WHAT TO WORK ON |
Check each line of the data for "extrude" and select those that have it.

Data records

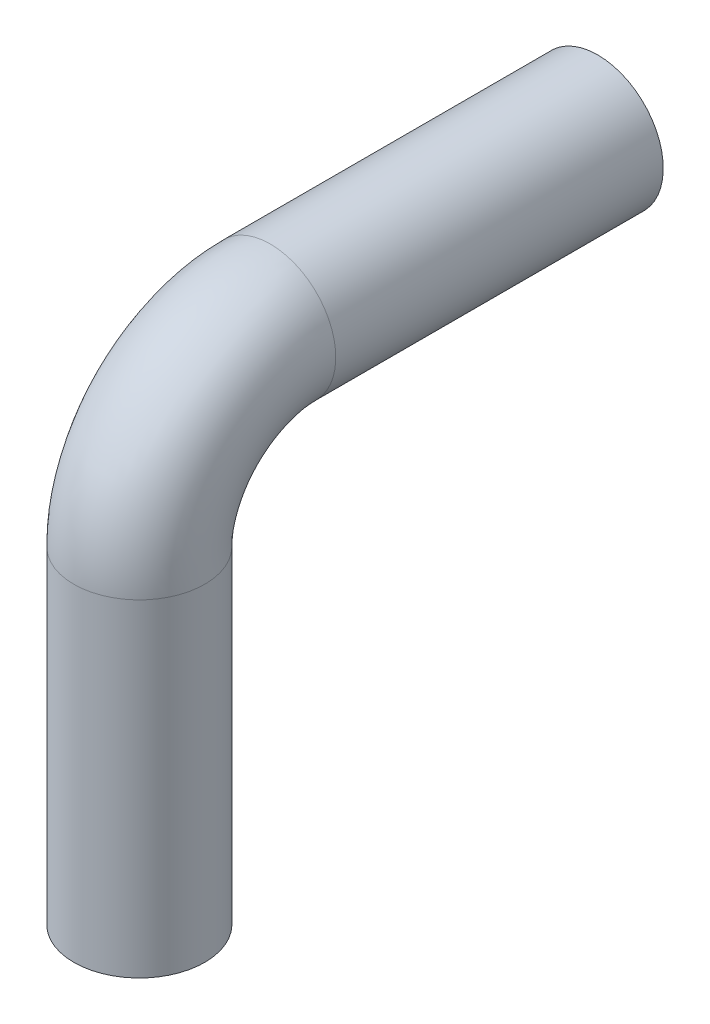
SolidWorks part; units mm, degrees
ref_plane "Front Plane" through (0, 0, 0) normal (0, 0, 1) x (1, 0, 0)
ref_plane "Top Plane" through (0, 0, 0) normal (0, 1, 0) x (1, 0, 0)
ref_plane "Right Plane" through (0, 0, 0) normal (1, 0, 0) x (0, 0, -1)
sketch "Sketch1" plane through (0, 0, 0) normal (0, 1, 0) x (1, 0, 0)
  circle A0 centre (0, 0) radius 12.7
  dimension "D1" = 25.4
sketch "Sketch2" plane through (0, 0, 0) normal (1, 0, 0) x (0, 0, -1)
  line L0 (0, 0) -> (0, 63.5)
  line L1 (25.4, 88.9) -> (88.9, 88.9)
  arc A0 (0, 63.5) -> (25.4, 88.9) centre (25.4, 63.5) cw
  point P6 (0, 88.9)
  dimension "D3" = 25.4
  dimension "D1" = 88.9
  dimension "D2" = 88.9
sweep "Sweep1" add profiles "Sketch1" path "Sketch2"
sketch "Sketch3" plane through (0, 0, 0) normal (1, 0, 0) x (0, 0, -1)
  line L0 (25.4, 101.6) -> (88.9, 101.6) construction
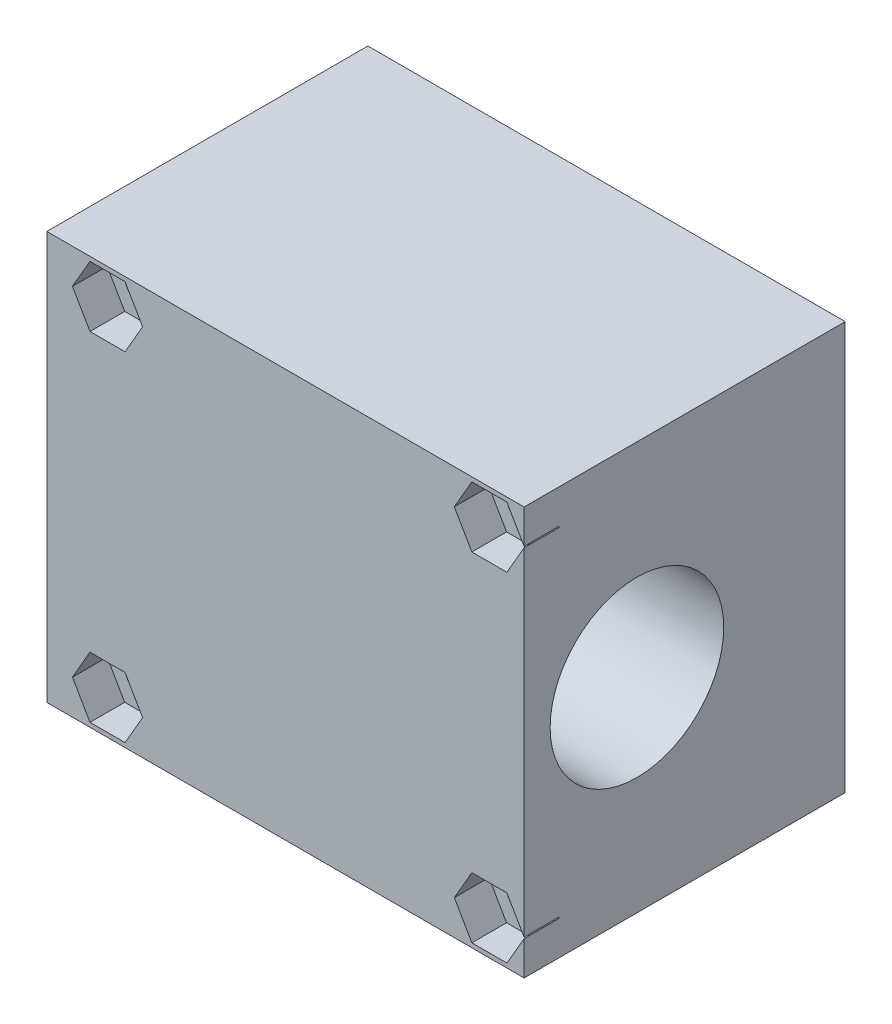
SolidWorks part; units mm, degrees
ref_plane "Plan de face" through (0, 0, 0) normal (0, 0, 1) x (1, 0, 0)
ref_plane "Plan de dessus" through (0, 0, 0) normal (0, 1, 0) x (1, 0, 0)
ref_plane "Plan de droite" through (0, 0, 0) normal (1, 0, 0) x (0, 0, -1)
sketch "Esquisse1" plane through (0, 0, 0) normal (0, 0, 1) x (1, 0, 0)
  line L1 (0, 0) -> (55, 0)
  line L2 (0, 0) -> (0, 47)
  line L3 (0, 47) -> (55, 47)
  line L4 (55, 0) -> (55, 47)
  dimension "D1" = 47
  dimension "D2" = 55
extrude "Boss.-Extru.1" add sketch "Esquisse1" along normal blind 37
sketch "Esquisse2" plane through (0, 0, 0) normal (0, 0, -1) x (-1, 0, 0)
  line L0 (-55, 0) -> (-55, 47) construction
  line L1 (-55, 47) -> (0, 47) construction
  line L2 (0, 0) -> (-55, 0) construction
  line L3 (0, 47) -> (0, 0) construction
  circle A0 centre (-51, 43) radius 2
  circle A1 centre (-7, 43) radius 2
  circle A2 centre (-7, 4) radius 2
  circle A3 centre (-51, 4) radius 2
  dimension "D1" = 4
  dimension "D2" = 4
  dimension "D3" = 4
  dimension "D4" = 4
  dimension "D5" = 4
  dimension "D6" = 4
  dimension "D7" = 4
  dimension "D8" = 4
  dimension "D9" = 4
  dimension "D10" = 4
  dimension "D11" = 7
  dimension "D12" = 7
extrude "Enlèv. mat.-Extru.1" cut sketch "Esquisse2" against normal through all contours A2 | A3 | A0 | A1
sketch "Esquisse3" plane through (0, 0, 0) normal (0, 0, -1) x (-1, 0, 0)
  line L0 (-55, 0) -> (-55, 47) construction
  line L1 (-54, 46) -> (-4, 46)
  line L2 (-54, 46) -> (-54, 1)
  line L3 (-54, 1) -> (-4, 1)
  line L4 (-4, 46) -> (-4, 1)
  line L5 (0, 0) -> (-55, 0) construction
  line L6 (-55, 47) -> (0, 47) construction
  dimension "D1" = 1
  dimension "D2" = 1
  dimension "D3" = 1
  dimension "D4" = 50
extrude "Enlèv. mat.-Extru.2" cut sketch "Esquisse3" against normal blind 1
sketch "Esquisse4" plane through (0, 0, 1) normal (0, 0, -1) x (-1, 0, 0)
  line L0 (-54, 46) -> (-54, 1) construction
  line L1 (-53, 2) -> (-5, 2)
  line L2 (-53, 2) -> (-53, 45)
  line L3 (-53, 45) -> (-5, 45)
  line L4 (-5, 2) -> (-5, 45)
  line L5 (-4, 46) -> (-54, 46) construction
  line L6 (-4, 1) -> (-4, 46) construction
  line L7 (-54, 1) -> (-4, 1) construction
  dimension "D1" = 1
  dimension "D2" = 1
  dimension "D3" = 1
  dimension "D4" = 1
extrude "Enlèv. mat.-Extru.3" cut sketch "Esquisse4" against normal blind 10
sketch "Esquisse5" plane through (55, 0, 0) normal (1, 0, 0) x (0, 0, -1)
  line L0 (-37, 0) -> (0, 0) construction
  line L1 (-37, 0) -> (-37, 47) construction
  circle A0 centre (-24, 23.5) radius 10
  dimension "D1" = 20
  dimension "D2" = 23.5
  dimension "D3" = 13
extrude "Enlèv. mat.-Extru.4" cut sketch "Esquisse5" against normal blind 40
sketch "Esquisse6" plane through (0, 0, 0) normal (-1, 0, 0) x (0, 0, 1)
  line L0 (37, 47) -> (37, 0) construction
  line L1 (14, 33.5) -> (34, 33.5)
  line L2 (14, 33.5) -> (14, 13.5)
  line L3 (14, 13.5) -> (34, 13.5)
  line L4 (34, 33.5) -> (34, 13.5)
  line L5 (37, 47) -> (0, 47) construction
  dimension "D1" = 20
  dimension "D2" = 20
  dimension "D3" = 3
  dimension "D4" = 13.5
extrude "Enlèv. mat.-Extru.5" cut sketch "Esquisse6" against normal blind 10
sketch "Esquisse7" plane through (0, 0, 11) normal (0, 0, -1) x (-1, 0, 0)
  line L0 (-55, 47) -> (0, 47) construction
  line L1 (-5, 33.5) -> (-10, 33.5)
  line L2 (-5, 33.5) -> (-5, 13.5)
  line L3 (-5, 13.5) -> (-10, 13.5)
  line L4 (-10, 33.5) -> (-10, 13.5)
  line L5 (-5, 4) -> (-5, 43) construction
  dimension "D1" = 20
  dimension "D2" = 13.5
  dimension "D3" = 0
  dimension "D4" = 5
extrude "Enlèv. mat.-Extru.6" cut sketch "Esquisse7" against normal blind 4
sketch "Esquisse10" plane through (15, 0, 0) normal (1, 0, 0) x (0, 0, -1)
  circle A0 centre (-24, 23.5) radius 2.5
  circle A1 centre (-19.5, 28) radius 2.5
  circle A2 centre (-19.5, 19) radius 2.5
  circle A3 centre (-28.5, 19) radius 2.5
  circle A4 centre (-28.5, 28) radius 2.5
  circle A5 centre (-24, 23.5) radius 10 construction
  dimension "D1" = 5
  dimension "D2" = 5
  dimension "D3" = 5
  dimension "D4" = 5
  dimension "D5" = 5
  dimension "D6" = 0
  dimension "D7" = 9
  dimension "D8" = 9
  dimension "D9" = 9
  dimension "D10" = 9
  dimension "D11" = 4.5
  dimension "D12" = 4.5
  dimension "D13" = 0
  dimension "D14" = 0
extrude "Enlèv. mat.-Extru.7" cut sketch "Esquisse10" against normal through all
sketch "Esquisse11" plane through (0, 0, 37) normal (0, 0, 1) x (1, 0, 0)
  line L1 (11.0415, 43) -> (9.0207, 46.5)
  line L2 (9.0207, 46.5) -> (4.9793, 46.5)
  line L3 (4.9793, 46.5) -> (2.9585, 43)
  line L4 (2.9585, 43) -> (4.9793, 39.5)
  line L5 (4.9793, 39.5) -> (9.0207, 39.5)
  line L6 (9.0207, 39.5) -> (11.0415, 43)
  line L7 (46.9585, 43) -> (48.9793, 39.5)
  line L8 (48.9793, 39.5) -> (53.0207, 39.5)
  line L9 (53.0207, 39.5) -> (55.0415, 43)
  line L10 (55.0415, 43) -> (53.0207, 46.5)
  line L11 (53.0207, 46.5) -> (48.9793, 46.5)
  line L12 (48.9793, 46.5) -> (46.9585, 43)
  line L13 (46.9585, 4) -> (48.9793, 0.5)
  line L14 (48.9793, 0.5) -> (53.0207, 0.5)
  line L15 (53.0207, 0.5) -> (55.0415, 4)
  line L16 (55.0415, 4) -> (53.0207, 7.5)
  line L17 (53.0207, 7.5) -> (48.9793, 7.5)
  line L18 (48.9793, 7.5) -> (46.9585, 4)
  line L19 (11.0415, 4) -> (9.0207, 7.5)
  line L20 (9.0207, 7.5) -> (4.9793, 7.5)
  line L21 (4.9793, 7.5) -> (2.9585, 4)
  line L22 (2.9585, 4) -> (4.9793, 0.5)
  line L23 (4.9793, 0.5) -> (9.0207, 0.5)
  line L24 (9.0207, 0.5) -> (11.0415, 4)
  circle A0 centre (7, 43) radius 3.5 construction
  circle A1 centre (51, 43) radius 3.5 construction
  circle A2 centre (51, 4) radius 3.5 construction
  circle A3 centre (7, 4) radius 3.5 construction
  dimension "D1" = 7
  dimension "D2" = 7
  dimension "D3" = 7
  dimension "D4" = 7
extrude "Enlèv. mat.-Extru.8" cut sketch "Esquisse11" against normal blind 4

ANSWER SPACE |
extrude "Boss.-Extru.1" add sketch "Esquisse1" along normal blind 37
extrude "Enlèv. mat.-Extru.1" cut sketch "Esquisse2" against normal through all contours A2 | A3 | A0 | A1
extrude "Enlèv. mat.-Extru.2" cut sketch "Esquisse3" against normal blind 1
extrude "Enlèv. mat.-Extru.3" cut sketch "Esquisse4" against normal blind 10
extrude "Enlèv. mat.-Extru.4" cut sketch "Esquisse5" against normal blind 40
extrude "Enlèv. mat.-Extru.5" cut sketch "Esquisse6" against normal blind 10
extrude "Enlèv. mat.-Extru.6" cut sketch "Esquisse7" against normal blind 4
extrude "Enlèv. mat.-Extru.7" cut sketch "Esquisse10" against normal through all
extrude "Enlèv. mat.-Extru.8" cut sketch "Esquisse11" against normal blind 4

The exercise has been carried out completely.